Bipolar Disorder is a mental illness that causes people to have severe mood swings that deeply affect relationships, careers, and the general quality of life of those who have it. This disorder is the sixth leading cause of disability in the U.S. today (Nusslock, 2007). According to the National Institute of Mental Health, almost six million Americans adults today suffer from Bipolar Disorder, and, though treatable, often goes unrecognized (McClung, 2007). Virginia Woolf, 1882-1941, may be one of the most famous historical cases of bipolar disorder. Her modernist works such as Mrs. Dalloway are still studied extensively today by college literature students. Her unique style of writing, which came to be known as “stream of consciousness,” was largely influenced by the symptoms she experienced though her disorder, although the illness was not understood in her lifetime (Carmango, 1992).

Many of today’s Americans have heard the word “bipolar,” but do not realize its full implications. People who know someone with this disorder might often interpret their erratic behavior as a character flaw, not realizing that people with this mental illness do not have control over their moods. Many people use the word casually to describe people whose moods change quickly, but this interpretation is not accurate. These misconceptions may be partly due to the illness not being understood well until recent decades. Up until the early seventies, “manic depressive psychosis,” as it was called then, was thought to be a rare condition on which not much research had been focused. Other psychotic symptoms were often lumped into this category, and people who would have qualified for today’s standards of Bipolar Disorder were often misdiagnosed as having Schizophrenia (Mitchell, 2006).

Most people have appropriate levels of high and low depending on the situations and experiences they face on a day-to-day basis. When someone buys a new house, they might work constantly for several days without much rest and feel excited about all they are getting done. A person who has lost a loved one may feel very low for several weeks or even a few months. These are examples of a situationally appropriate high and low. An individual who suffers from Bipolar Illness, however, would likely feel an extreme high or low for no particular reason, for an extended period of time, sometimes even with psychotic symptoms such as delusions and hallucinations (NIMH, 2007).

The style in which Virginia Woolf wrote seemed to bring together the different perspectives through which she perceived the world through her cycles of psychotic highs, psychotic lows, and sanity. It is important to note that there is a large difference between manic psychosis and depressive psychosis.

Woolf recognized that the manic state stimulated her already rich imagination to create and project fictions that had little basis in reality but that explained (or at least embodied, if obscurely) her experienced moods… (Carmango, 1992).

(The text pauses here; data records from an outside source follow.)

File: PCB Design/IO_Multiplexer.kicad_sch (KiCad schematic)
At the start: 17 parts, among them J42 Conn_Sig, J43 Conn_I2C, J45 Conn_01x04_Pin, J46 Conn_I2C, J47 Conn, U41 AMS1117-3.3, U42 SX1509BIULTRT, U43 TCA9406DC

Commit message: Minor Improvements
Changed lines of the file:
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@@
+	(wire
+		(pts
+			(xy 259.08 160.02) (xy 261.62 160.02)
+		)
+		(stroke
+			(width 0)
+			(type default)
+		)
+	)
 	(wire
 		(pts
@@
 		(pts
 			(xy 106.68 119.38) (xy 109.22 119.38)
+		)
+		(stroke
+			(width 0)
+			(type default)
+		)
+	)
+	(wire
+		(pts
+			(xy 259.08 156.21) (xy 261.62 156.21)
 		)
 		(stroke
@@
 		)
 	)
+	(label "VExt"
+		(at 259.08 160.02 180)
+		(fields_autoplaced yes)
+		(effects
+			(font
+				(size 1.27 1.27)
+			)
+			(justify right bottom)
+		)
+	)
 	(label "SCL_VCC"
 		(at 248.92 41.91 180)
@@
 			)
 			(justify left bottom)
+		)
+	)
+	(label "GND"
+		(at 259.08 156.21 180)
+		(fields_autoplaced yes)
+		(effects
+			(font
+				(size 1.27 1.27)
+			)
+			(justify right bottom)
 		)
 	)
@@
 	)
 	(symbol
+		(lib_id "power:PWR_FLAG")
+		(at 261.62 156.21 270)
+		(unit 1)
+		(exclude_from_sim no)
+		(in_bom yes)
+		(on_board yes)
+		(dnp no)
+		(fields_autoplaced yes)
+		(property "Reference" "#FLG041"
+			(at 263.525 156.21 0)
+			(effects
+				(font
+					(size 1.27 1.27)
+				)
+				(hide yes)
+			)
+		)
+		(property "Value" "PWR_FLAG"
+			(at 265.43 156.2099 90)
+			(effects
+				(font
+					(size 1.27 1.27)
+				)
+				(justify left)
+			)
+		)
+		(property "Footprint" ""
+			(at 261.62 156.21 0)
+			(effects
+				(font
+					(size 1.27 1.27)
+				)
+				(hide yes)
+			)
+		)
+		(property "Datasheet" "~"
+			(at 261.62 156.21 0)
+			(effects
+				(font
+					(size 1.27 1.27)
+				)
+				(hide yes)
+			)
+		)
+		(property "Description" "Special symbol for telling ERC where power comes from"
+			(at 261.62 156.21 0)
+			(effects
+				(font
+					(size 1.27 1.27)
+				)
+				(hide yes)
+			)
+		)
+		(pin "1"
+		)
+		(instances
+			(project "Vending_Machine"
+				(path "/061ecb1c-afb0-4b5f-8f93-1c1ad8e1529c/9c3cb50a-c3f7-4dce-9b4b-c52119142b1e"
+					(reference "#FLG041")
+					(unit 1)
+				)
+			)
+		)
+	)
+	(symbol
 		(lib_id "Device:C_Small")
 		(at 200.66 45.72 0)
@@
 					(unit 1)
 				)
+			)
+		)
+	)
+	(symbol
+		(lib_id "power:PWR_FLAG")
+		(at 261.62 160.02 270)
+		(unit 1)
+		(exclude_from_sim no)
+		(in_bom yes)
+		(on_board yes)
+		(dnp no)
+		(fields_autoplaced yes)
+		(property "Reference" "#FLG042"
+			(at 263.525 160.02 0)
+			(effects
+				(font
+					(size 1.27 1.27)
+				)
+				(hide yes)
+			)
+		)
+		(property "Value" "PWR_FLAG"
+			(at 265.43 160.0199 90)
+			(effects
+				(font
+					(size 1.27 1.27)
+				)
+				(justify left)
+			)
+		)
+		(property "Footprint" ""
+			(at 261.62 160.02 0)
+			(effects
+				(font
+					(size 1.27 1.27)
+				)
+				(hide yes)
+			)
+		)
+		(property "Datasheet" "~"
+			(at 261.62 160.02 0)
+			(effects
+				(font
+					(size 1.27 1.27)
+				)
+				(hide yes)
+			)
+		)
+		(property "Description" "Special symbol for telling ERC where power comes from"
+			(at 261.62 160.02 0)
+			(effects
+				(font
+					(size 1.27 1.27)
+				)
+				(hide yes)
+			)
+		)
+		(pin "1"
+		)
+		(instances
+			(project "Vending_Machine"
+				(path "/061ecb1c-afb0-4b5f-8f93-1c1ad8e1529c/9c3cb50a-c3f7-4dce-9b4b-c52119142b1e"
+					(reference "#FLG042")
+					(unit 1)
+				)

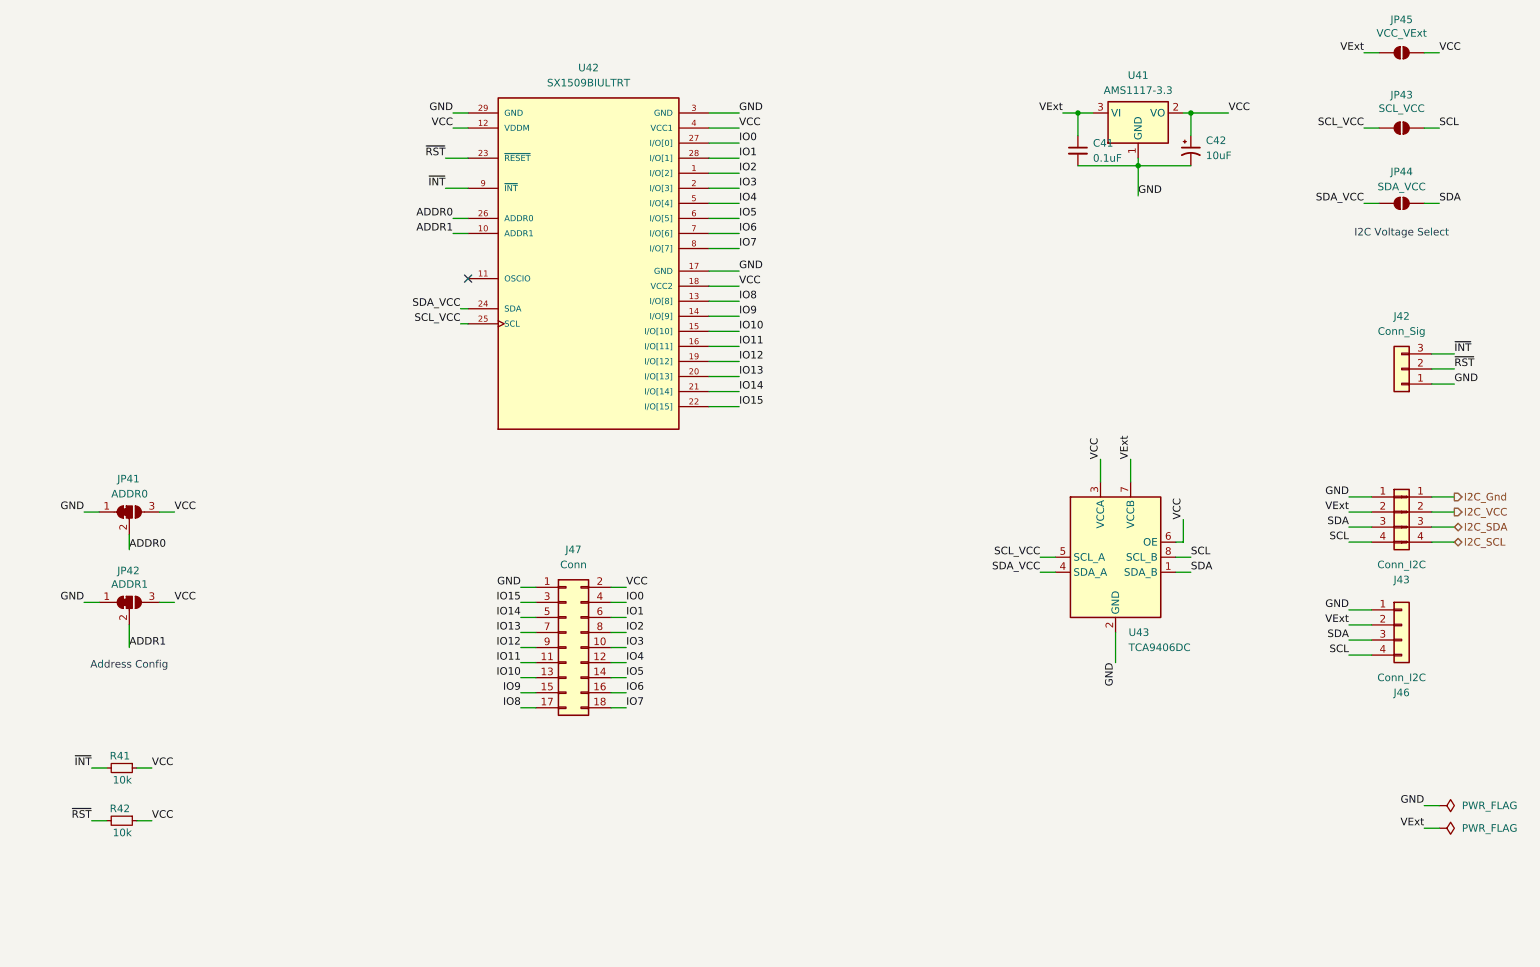
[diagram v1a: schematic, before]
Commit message: Tweaks and Updates
Added OSCIO pin to breakout board.
A few more tweaks
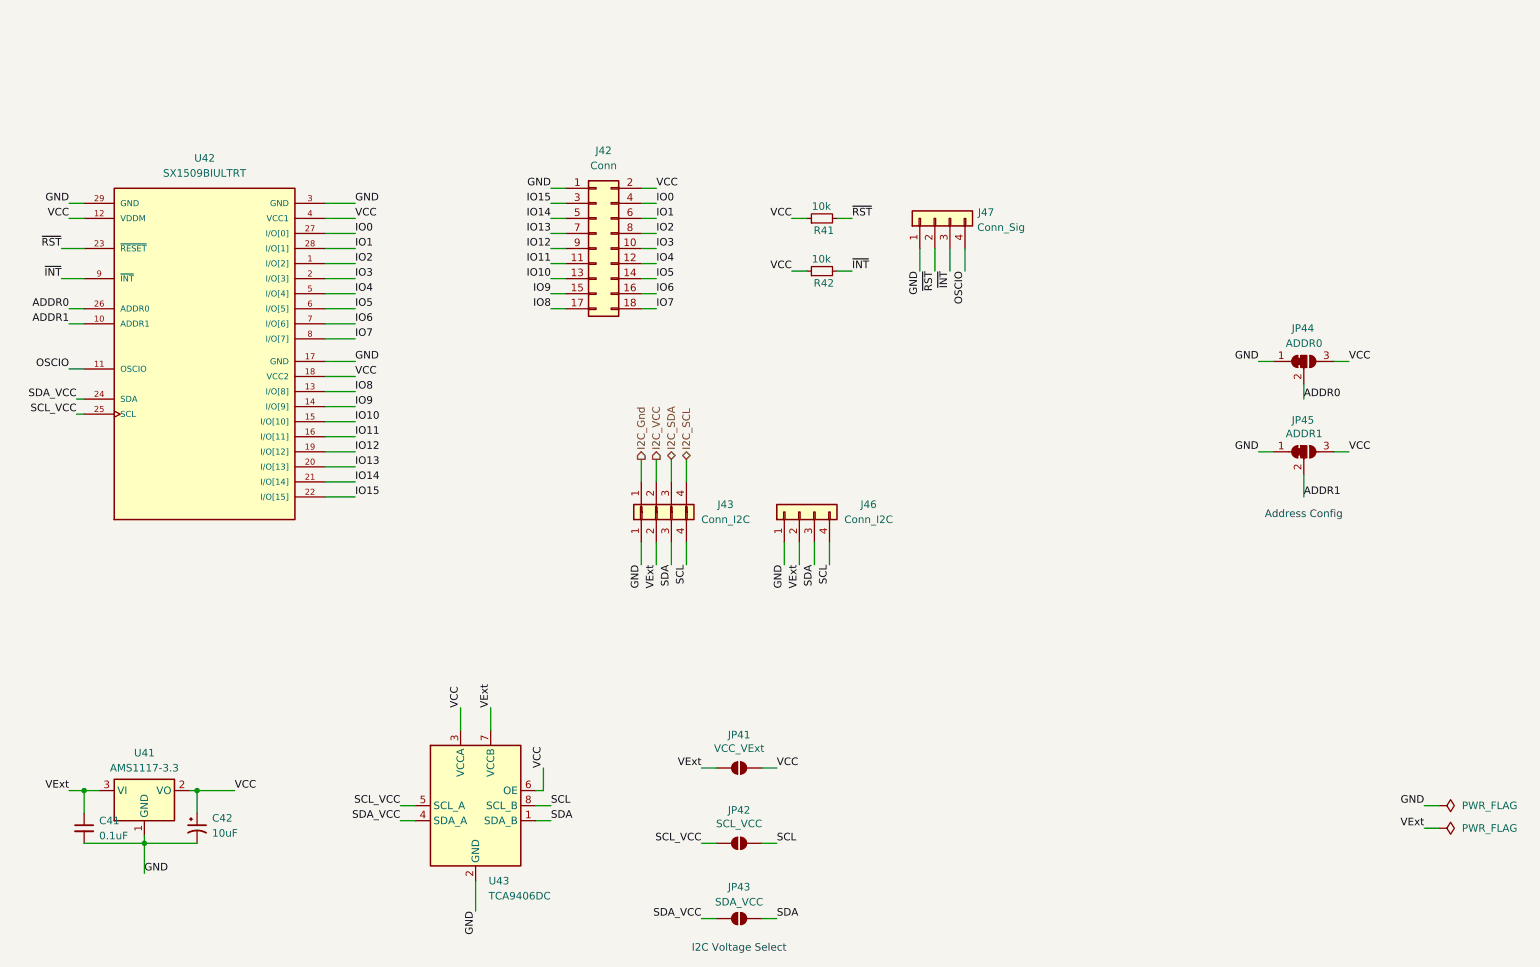
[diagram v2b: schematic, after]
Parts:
- J47: renamed from J42; footprint Connector_JST:JST_XH_B3B-XH-A_1x03_P2.50mm_Vertical -> Connector_JST:JST_XH_B4B-XH-A_1x04_P2.50mm_Vertical; symbol Connector_Generic:Conn_01x03 -> Connector_Generic:Conn_01x04
- renumbered J47 to J42, JP45 to JP41, JP43 to JP42, JP44 to JP43, JP41 to JP44, JP42 to JP45, R42 to R41, R41 to R42
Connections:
- net OSCIO: now reaches U42.11 (OSCIO)
- net OSCIO: now also J47.4 (Pin_4)
- no-connect marks 1 -> 0
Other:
- moved on the sheet: C41, C42, J42, J43, J46, JP41, JP42, JP43, JP44, JP45, R41, R42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

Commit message: Testpoints to schematic.
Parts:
- added TP39, TP48, TP58: VCC, Footprints:TestPoint_Pad_D1.0mm, symbol Connector:TestPoint_Small
- added TP40: ~{RST}, Footprints:TestPoint_Pad_D1.0mm, symbol Connector:TestPoint_Small
- added TP41: ~{INT}, Footprints:TestPoint_Pad_D1.0mm, symbol Connector:TestPoint_Small
- added TP42: Addr0, Footprints:TestPoint_Pad_D1.0mm, symbol Connector:TestPoint_Small
- added TP43: Addr1, Footprints:TestPoint_Pad_D1.0mm, symbol Connector:TestPoint_Small
- added TP44: OSC, Footprints:TestPoint_Pad_D1.0mm, symbol Connector:TestPoint_Small
- added TP45: SDA, Footprints:TestPoint_Pad_D1.0mm, symbol Connector:TestPoint_Small
- added TP46: SCL, Footprints:TestPoint_Pad_D1.0mm, symbol Connector:TestPoint_Small
- added TP47, TP57: GND, Footprints:TestPoint_Pad_D1.0mm, symbol Connector:TestPoint_Small
- added TP49: IO0, Footprints:TestPoint_Pad_D1.0mm, symbol Connector:TestPoint_Small
- added TP50: IO1, Footprints:TestPoint_Pad_D1.0mm, symbol Connector:TestPoint_Small
- added TP51: IO2, Footprints:TestPoint_Pad_D1.0mm, symbol Connector:TestPoint_Small
- added TP52: IO3, Footprints:TestPoint_Pad_D1.0mm, symbol Connector:TestPoint_Small
- added TP53: IO4, Footprints:TestPoint_Pad_D1.0mm, symbol Connector:TestPoint_Small
- added TP54: IO5, Footprints:TestPoint_Pad_D1.0mm, symbol Connector:TestPoint_Small
- added TP55: IO6, Footprints:TestPoint_Pad_D1.0mm, symbol Connector:TestPoint_Small
- added TP56: IO7, Footprints:TestPoint_Pad_D1.0mm, symbol Connector:TestPoint_Small
- added TP59: IO8, Footprints:TestPoint_Pad_D1.0mm, symbol Connector:TestPoint_Small
- added TP60: IO9, Footprints:TestPoint_Pad_D1.0mm, symbol Connector:TestPoint_Small
- added TP61: IO10, Footprints:TestPoint_Pad_D1.0mm, symbol Connector:TestPoint_Small
- added TP62: IO11, Footprints:TestPoint_Pad_D1.0mm, symbol Connector:TestPoint_Small
- added TP63: IO12, Footprints:TestPoint_Pad_D1.0mm, symbol Connector:TestPoint_Small
- added TP64: IO13, Footprints:TestPoint_Pad_D1.0mm, symbol Connector:TestPoint_Small
- added TP65: IO14, Footprints:TestPoint_Pad_D1.0mm, symbol Connector:TestPoint_Small
- added TP66: IO15, Footprints:TestPoint_Pad_D1.0mm, symbol Connector:TestPoint_Small
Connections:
- net ADDR0: now also TP42.1
- net ADDR1: now also TP43.1
- net GND: now also TP47.1, TP57.1
- net IO0: now also TP49.1
- net IO1: now also TP50.1
- net IO10: now also TP61.1
- net IO11: now also TP62.1
- net IO12: now also TP63.1
- net IO13: now also TP64.1
- net IO14: now also TP65.1
- net IO15: now also TP66.1
- net IO2: now also TP51.1
- net IO3: now also TP52.1
- net IO4: now also TP53.1
- net IO5: now also TP54.1
- net IO6: now also TP55.1
- net IO7: now also TP56.1
- net IO8: now also TP59.1
- net IO9: now also TP60.1
- net OSCIO: now also TP44.1
- net SCL_VCC: now also TP46.1
- net SDA_VCC: now also TP45.1
- net VCC: now also TP39.1, TP48.1, TP58.1
- net ~{INT}: now also TP41.1
- net ~{RST}: now also TP40.1

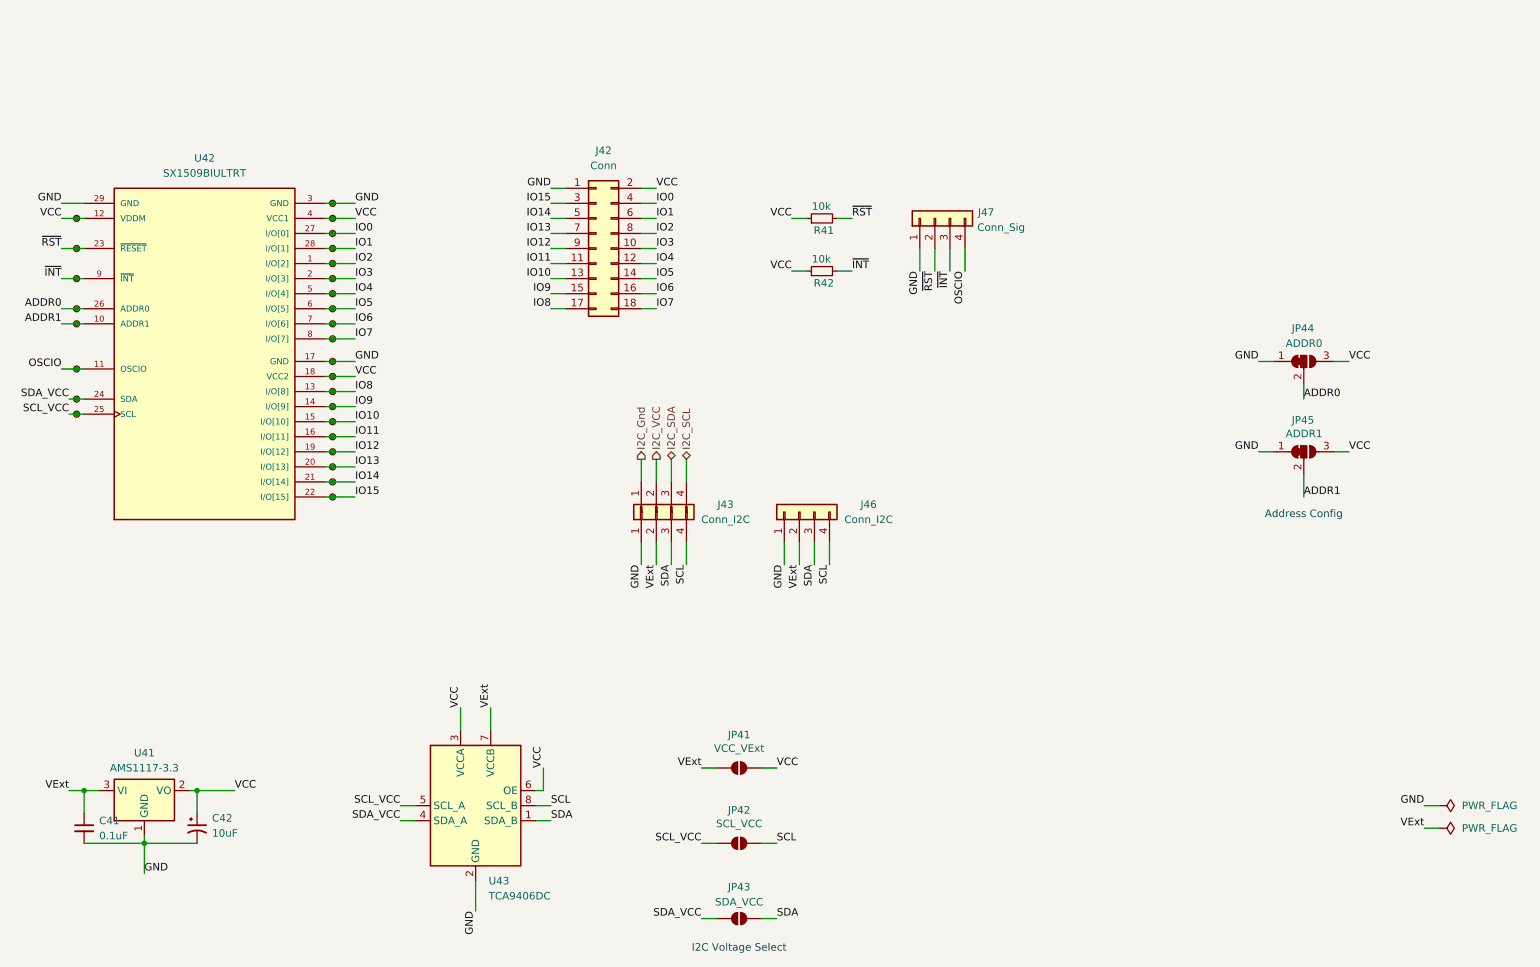
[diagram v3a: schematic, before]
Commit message: Vcc->3v3 Added extra GPIO
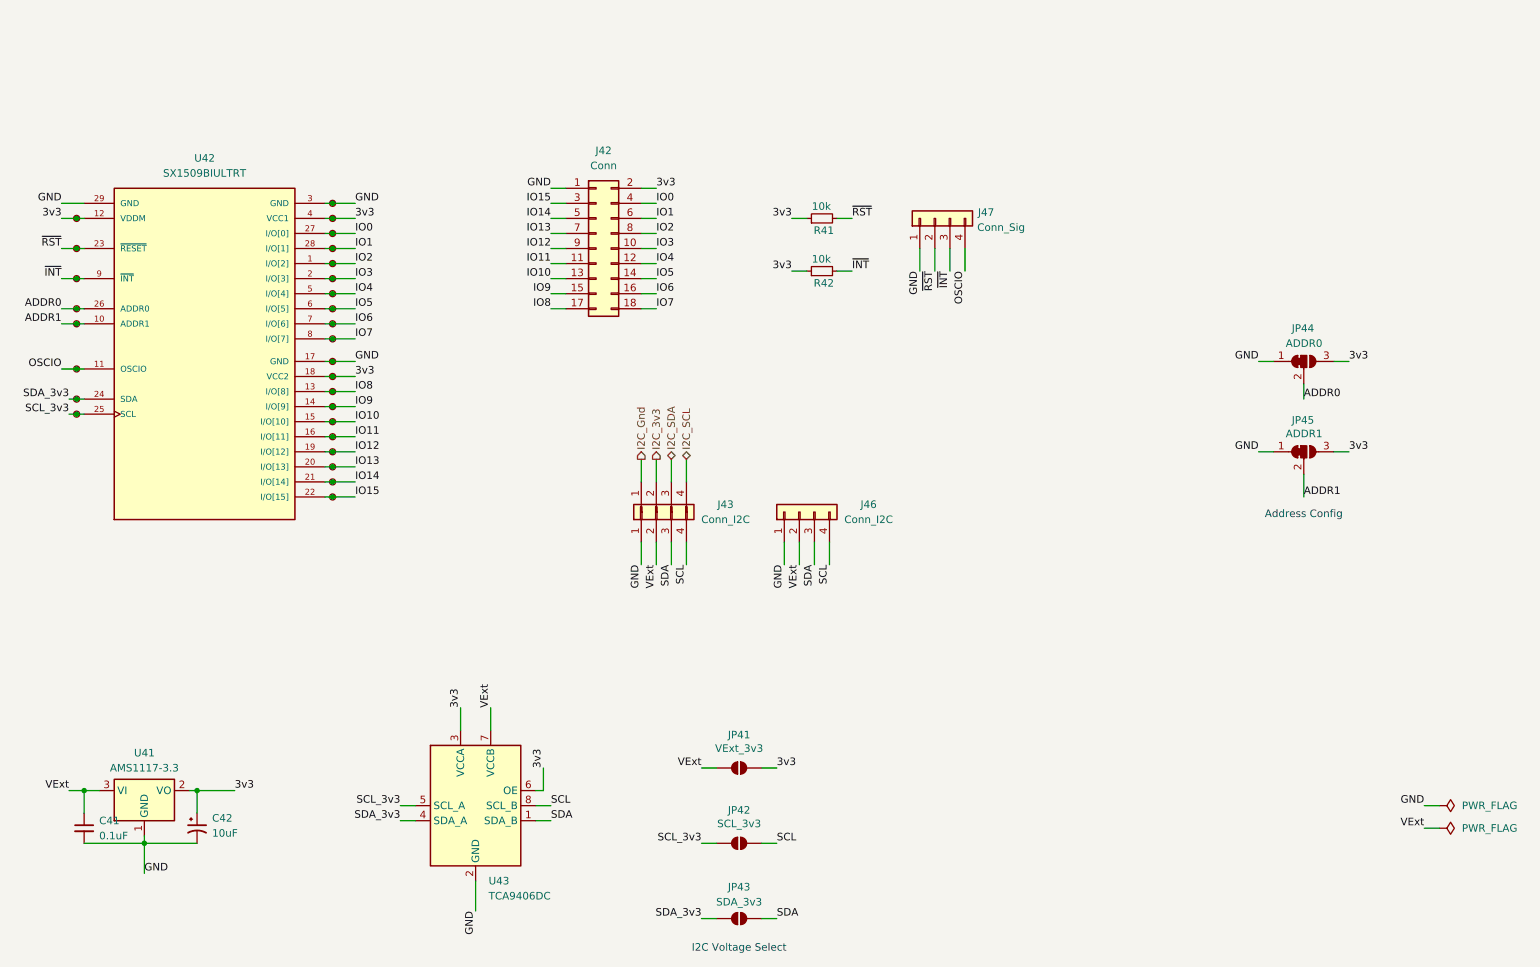
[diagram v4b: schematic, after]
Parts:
- JP41: value VCC_VExt -> VExt_3v3
- JP42: value SCL_VCC -> SCL_3v3
- JP43: value SDA_VCC -> SDA_3v3
- TP39, TP48, TP58: value VCC -> 3v3
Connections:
- net I2C_VCC renamed I2C_3v3
- net SCL_VCC renamed SCL_3v3
- net SDA_VCC renamed SDA_3v3
- net VCC renamed 3v3
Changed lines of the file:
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@@
 		)
 	)
-	(label "SDA_VCC"
+	(label "SDA_3v3"
 		(at 30.48 87.63 180)
 		(fields_autoplaced yes)
@@
 		)
 	)
-	(label "SCL_VCC"
+	(label "SCL_3v3"
 		(at 137.16 162.56 180)
 		(fields_autoplaced yes)
@@
 		)
 	)
-	(label "SCL_VCC"
+	(label "SCL_3v3"
 		(at 86.36 156.21 180)
 		(fields_autoplaced yes)
@@
 		)
 	)
-	(label "VCC"
+	(label "3v3"
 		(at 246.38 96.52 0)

In contrast, when reality would hit the morning after one of these mystical, even joyful visions, severe depressive psychosis could hit.

At times like this, one suffering from this illness might “lie in bed, immobile, despondent, completely helpless in the face of despair and guilt” (Carmango, 1992). In her early years, starting at age thirteen, she would alternate from one to the other during her most severe attacks, but just before her suicide was the only time when the severe psychotic depression hit her without the elevated state of mania.

In a Manic Episode, most people have a hard time showing up for work, yet they often spend large amounts of money. They barely sleep, and some become sexually promiscuous or engage in other risky behavior. Because they feel invincible, they are not cognizant of the conequences of their actions. Yet consequences do catch up with them, and one can imagine how difficult it would be to achieve career goals with this type of disruption occurring on a regular basis (DSM IV-TR).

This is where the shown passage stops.